Hollywood has been faking it all the way, from ridicules gun-shots scenes,
bombs explosions, cars that keep driving after getting smashed and street-kids
who can shot and kill in one hand.

It is simply that code, software and hacking is closer to us than the other
examples, so we care about it that it will look real.

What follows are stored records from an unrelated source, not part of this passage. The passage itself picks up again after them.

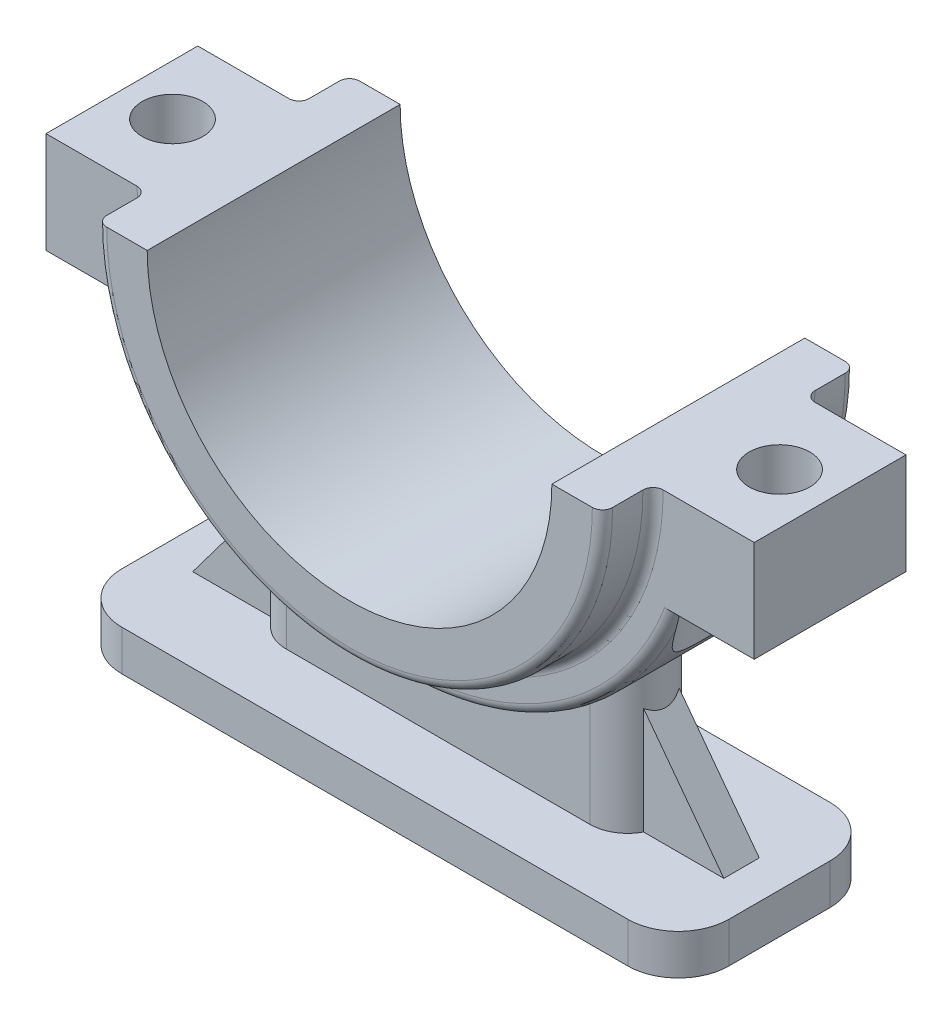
ISO-10303-21;
HEADER;
FILE_DESCRIPTION(('STEP AP214'),'2;1');
FILE_NAME('part.step','',(''),(''),'','','');
FILE_SCHEMA(('AUTOMOTIVE_DESIGN { 1 0 10303 214 1 1 1 1 }'));
ENDSEC;
DATA;
#1=APPLICATION_CONTEXT('core data for automotive mechanical design processes');
#2=APPLICATION_PROTOCOL_DEFINITION('international standard','automotive_design',2000,#1);
#3=PRODUCT_CONTEXT('',#1,'mechanical');
#4=PRODUCT('Part','Part','',(#3));
#5=PRODUCT_RELATED_PRODUCT_CATEGORY('part','',(#4));
#6=PRODUCT_DEFINITION_FORMATION('','',#4);
#7=PRODUCT_DEFINITION_CONTEXT('part definition',#1,'design');
#8=PRODUCT_DEFINITION('design','',#6,#7);
#9=PRODUCT_DEFINITION_SHAPE('','',#8);
#10=(LENGTH_UNIT() NAMED_UNIT(*) SI_UNIT(.MILLI.,.METRE.));
#11=(NAMED_UNIT(*) PLANE_ANGLE_UNIT() SI_UNIT($,.RADIAN.));
#12=(NAMED_UNIT(*) SI_UNIT($,.STERADIAN.) SOLID_ANGLE_UNIT());
#13=UNCERTAINTY_MEASURE_WITH_UNIT(LENGTH_MEASURE(1.E-05),#10,'distance_accuracy_value','');
#14=(GEOMETRIC_REPRESENTATION_CONTEXT(3) GLOBAL_UNCERTAINTY_ASSIGNED_CONTEXT((#13)) GLOBAL_UNIT_ASSIGNED_CONTEXT((#10,
#11,#12)) REPRESENTATION_CONTEXT('',''));
#15=CARTESIAN_POINT('',(0.,0.,0.));
#16=DIRECTION('',(0.,0.,1.));
#17=DIRECTION('',(1.,0.,0.));
#18=AXIS2_PLACEMENT_3D('',#15,#16,#17);
#19=CARTESIAN_POINT('',(0.,0.,15.));
#20=DIRECTION('',(0.,0.,-1.));
#21=DIRECTION('',(-1.,0.,0.));
#22=AXIS2_PLACEMENT_3D('',#19,#20,#21);
#23=CYLINDRICAL_SURFACE('',#22,58.);
#24=CARTESIAN_POINT('',(-30.,-49.6386945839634,-7.5));
#25=CARTESIAN_POINT('',(-30.2730932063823,-49.4736812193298,-7.49998636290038));
#26=CARTESIAN_POINT('',(-30.5447375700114,-49.3063977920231,-7.48508592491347));
#27=CARTESIAN_POINT('',(-31.0829797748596,-48.9688506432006,-7.42633708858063));
#28=CARTESIAN_POINT('',(-31.3495779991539,-48.7985871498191,-7.38249089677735));
#29=CARTESIAN_POINT('',(-31.8767952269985,-48.4558509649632,-7.26641750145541));
#30=CARTESIAN_POINT('',(-32.1373822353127,-48.2833718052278,-7.19406450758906));
#31=CARTESIAN_POINT('',(-32.6493769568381,-47.9386414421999,-7.0216639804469));
#32=CARTESIAN_POINT('',(-32.9007851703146,-47.7663902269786,-6.92161795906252));
#33=CARTESIAN_POINT('',(-33.3721063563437,-47.438149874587,-6.7037750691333));
#34=CARTESIAN_POINT('',(-33.5929031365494,-47.2819956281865,-6.58813516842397));
#35=CARTESIAN_POINT('',(-34.0236130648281,-46.9730134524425,-6.3342748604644));
#36=CARTESIAN_POINT('',(-34.2335259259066,-46.8201856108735,-6.19605385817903));
#37=CARTESIAN_POINT('',(-34.6403764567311,-46.5199749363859,-5.89749222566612));
#38=CARTESIAN_POINT('',(-34.8373390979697,-46.3725818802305,-5.73719612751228));
#39=CARTESIAN_POINT('',(-35.2166978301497,-46.0851485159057,-5.39457558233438));
#40=CARTESIAN_POINT('',(-35.3990990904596,-45.9451056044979,-5.21225901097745));
#41=CARTESIAN_POINT('',(-35.8249756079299,-45.6143861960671,-4.7392949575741));
#42=CARTESIAN_POINT('',(-36.059486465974,-45.4289260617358,-4.43655534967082));
#43=CARTESIAN_POINT('',(-36.3785717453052,-45.1732034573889,-3.94987514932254));
#44=CARTESIAN_POINT('',(-36.479479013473,-45.0917135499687,-3.78223660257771));
#45=CARTESIAN_POINT('',(-36.6692795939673,-44.937499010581,-3.43649923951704));
#46=CARTESIAN_POINT('',(-36.7581802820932,-44.8647690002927,-3.25840694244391));
#47=CARTESIAN_POINT('',(-36.9085994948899,-44.7410671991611,-2.92385030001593));
#48=CARTESIAN_POINT('',(-36.9721999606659,-44.6885023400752,-2.76890632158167));
#49=CARTESIAN_POINT('',(-37.0895095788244,-44.591188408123,-2.45300183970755));
#50=CARTESIAN_POINT('',(-37.1432235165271,-44.5464355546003,-2.29204429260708));
#51=CARTESIAN_POINT('',(-37.2400460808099,-44.4655254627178,-1.96489776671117));
#52=CARTESIAN_POINT('',(-37.283157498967,-44.4293659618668,-1.79871017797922));
#53=CARTESIAN_POINT('',(-37.3581303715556,-44.3663442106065,-1.4620703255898));
#54=CARTESIAN_POINT('',(-37.3899917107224,-44.3394820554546,-1.29161801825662));
#55=CARTESIAN_POINT('',(-37.4420518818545,-44.2955293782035,-0.9467929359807));
#56=CARTESIAN_POINT('',(-37.462191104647,-44.2784888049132,-0.77240472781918));
#57=CARTESIAN_POINT('',(-37.490184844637,-44.2547893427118,-0.421937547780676));
#58=CARTESIAN_POINT('',(-37.4980393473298,-44.2481304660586,-0.245858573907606));
#59=CARTESIAN_POINT('',(-37.5013130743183,-44.245355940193,0.106478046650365));
#60=CARTESIAN_POINT('',(-37.4967336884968,-44.2492391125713,0.282735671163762));
#61=CARTESIAN_POINT('',(-37.475230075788,-44.2674522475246,0.633943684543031));
#62=CARTESIAN_POINT('',(-37.4583064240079,-44.2817817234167,0.808894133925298));
#63=CARTESIAN_POINT('',(-37.4142979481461,-44.3189695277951,1.14196192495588));
#64=CARTESIAN_POINT('',(-37.3881493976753,-44.3410411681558,1.30029294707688));
#65=CARTESIAN_POINT('',(-37.3260804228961,-44.3933031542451,1.61371473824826));
#66=CARTESIAN_POINT('',(-37.2901567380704,-44.4234962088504,1.76880440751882));
#67=CARTESIAN_POINT('',(-37.209044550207,-44.4914575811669,2.07478271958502));
#68=CARTESIAN_POINT('',(-37.1638587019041,-44.5292237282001,2.22567255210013));
#69=CARTESIAN_POINT('',(-37.064755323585,-44.61174810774,2.52264745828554));
#70=CARTESIAN_POINT('',(-37.0108343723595,-44.6565090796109,2.66873062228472));
#71=CARTESIAN_POINT('',(-36.8905445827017,-44.7559409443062,2.96614249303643));
#72=CARTESIAN_POINT('',(-36.823548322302,-44.8111011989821,3.11705369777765));
#73=CARTESIAN_POINT('',(-36.6808884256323,-44.9279526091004,3.41212604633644));
#74=CARTESIAN_POINT('',(-36.6052219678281,-44.9896458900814,3.55628497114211));
#75=CARTESIAN_POINT('',(-36.3662721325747,-45.1833631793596,3.97806520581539));
#76=CARTESIAN_POINT('',(-36.1910272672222,-45.3240338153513,4.24501677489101));
#77=CARTESIAN_POINT('',(-35.725335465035,-45.6927169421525,4.86662656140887));
#78=CARTESIAN_POINT('',(-35.4193754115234,-45.9307782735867,5.20380089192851));
#79=CARTESIAN_POINT('',(-34.9272390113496,-46.3047627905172,5.65884110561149));
#80=CARTESIAN_POINT('',(-34.7574162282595,-46.4324182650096,5.80222223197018));
#81=CARTESIAN_POINT('',(-34.4078655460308,-46.6920350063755,6.07201921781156));
#82=CARTESIAN_POINT('',(-34.2281386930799,-46.8239958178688,6.19843686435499));
#83=CARTESIAN_POINT('',(-33.6714701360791,-47.2275676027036,6.5548482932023));
#84=CARTESIAN_POINT('',(-33.2808327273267,-47.5039660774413,6.75853190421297));
#85=CARTESIAN_POINT('',(-32.4729225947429,-48.0598537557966,7.09405991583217));
#86=CARTESIAN_POINT('',(-32.0556859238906,-48.3393383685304,7.22599934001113));
#87=CARTESIAN_POINT('',(-31.3633650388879,-48.7897536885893,7.38006745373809));
#88=CARTESIAN_POINT('',(-31.0939491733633,-48.9619110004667,7.42483987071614));
#89=CARTESIAN_POINT('',(-30.5502045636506,-49.303028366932,7.48477979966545));
#90=CARTESIAN_POINT('',(-30.2758804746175,-49.4719911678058,7.49997400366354));
#91=CARTESIAN_POINT('',(-30.,-49.6386945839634,7.5));
#92=B_SPLINE_CURVE_WITH_KNOTS('',3,(#24,#25,#26,#27,#28,#29,#30,#31,#32,#33,#34,#35,#36,#37,#38,
#39,#40,#41,#42,#43,#44,#45,#46,#47,#48,#49,#50,#51,#52,#53,#54,#55,#56,#57,#58,#59,#60,#61,#62,
#63,#64,#65,#66,#67,#68,#69,#70,#71,#72,#73,#74,#75,#76,#77,#78,#79,#80,#81,#82,#83,#84,#85,#86,
#87,#88,#89,#90,#91),.UNSPECIFIED.,.F.,.F.,(4,2,2,2,2,2,2,2,2,2,2,2,2,2,2,2,2,2,2,2,2,2,2,2,2,2,
2,2,2,2,2,2,2,4),(0.,0.9567769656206,1.91348100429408,2.87445478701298,3.83537611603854,
4.7166968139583,5.59804073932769,6.47763208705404,7.35690977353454,8.62765974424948,
9.26291971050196,9.8977876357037,10.4239131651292,10.9497833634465,11.4755149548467,
12.0012519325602,12.5296395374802,13.0580277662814,13.5863569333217,14.1146614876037,
14.6000840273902,15.0856686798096,15.5711143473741,16.0567506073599,16.5784930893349,
17.1004058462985,18.1441410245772,19.6767417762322,20.445060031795,21.2132972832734,
22.767286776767,24.3192130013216,25.2864376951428,26.2527891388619),.UNSPECIFIED.);
#93=CARTESIAN_POINT('',(-30.,-49.6386945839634,-7.5));
#94=VERTEX_POINT('',#93);
#95=CARTESIAN_POINT('',(-30.,-49.6386945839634,7.5));
#96=VERTEX_POINT('',#95);
#97=EDGE_CURVE('E404',#94,#96,#92,.T.);
#98=ORIENTED_EDGE('',*,*,#97,.T.);
#99=CARTESIAN_POINT('',(0.,0.,7.5));
#100=DIRECTION('',(0.,0.,-1.));
#101=DIRECTION('',(-1.,0.,0.));
#102=AXIS2_PLACEMENT_3D('',#99,#100,#101);
#103=CIRCLE('',#102,58.);
#104=CARTESIAN_POINT('',(30.,-49.6386945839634,7.50000000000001));
#105=VERTEX_POINT('',#104);
#106=EDGE_CURVE('E422',#96,#105,#103,.F.);
#107=ORIENTED_EDGE('',*,*,#106,.T.);
#108=CARTESIAN_POINT('',(30.,-49.6386945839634,7.50000000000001));
#109=CARTESIAN_POINT('',(30.2730932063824,-49.4736812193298,7.49998636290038));
#110=CARTESIAN_POINT('',(30.5447375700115,-49.3063977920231,7.48508592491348));
#111=CARTESIAN_POINT('',(31.0829797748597,-48.9688506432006,7.42633708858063));
#112=CARTESIAN_POINT('',(31.349577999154,-48.798587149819,7.38249089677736));
#113=CARTESIAN_POINT('',(31.8767952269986,-48.4558509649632,7.26641750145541));
#114=CARTESIAN_POINT('',(32.1373822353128,-48.2833718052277,7.19406450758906));
#115=CARTESIAN_POINT('',(32.6493769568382,-47.9386414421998,7.0216639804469));
#116=CARTESIAN_POINT('',(32.9007851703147,-47.7663902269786,6.92161795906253));
#117=CARTESIAN_POINT('',(33.3721063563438,-47.4381498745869,6.70377506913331));
#118=CARTESIAN_POINT('',(33.5929031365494,-47.2819956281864,6.58813516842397));
#119=CARTESIAN_POINT('',(34.0236130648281,-46.9730134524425,6.33427486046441));
#120=CARTESIAN_POINT('',(34.2335259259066,-46.8201856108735,6.19605385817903));
#121=CARTESIAN_POINT('',(34.6403764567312,-46.5199749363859,5.89749222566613));
#122=CARTESIAN_POINT('',(34.8373390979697,-46.3725818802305,5.73719612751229));
#123=CARTESIAN_POINT('',(35.2166978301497,-46.0851485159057,5.39457558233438));
#124=CARTESIAN_POINT('',(35.3990990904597,-45.9451056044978,5.21225901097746));
#125=CARTESIAN_POINT('',(35.8249756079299,-45.614386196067,4.7392949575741));
#126=CARTESIAN_POINT('',(36.0594864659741,-45.4289260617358,4.43655534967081));
#127=CARTESIAN_POINT('',(36.3785717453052,-45.1732034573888,3.94987514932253));
#128=CARTESIAN_POINT('',(36.479479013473,-45.0917135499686,3.7822366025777));
#129=CARTESIAN_POINT('',(36.6692795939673,-44.937499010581,3.43649923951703));
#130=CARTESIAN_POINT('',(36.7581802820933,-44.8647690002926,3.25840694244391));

Also, how would you show an owned server? a prompt that reads:

    
    
      # root
    

This means nothing to the masses.

[1] - regarding bombing scenes, I think is one of those rare directors who
don't fake it, rather make it looks as realistic as possible, see Hurt Locker
and Zero Dark Thirty as examples.

[a]
[http://www.imdb.com/title/tt0887912/?ref_=nm_flmg_dr_3](http://www.imdb.com/title/tt0887912/?ref_=nm_flmg_dr_3)

[b]
[http://www.imdb.com/title/tt1790885/?ref_=nm_flmg_dr_1](http://www.imdb.com/title/tt1790885/?ref_=nm_flmg_dr_1)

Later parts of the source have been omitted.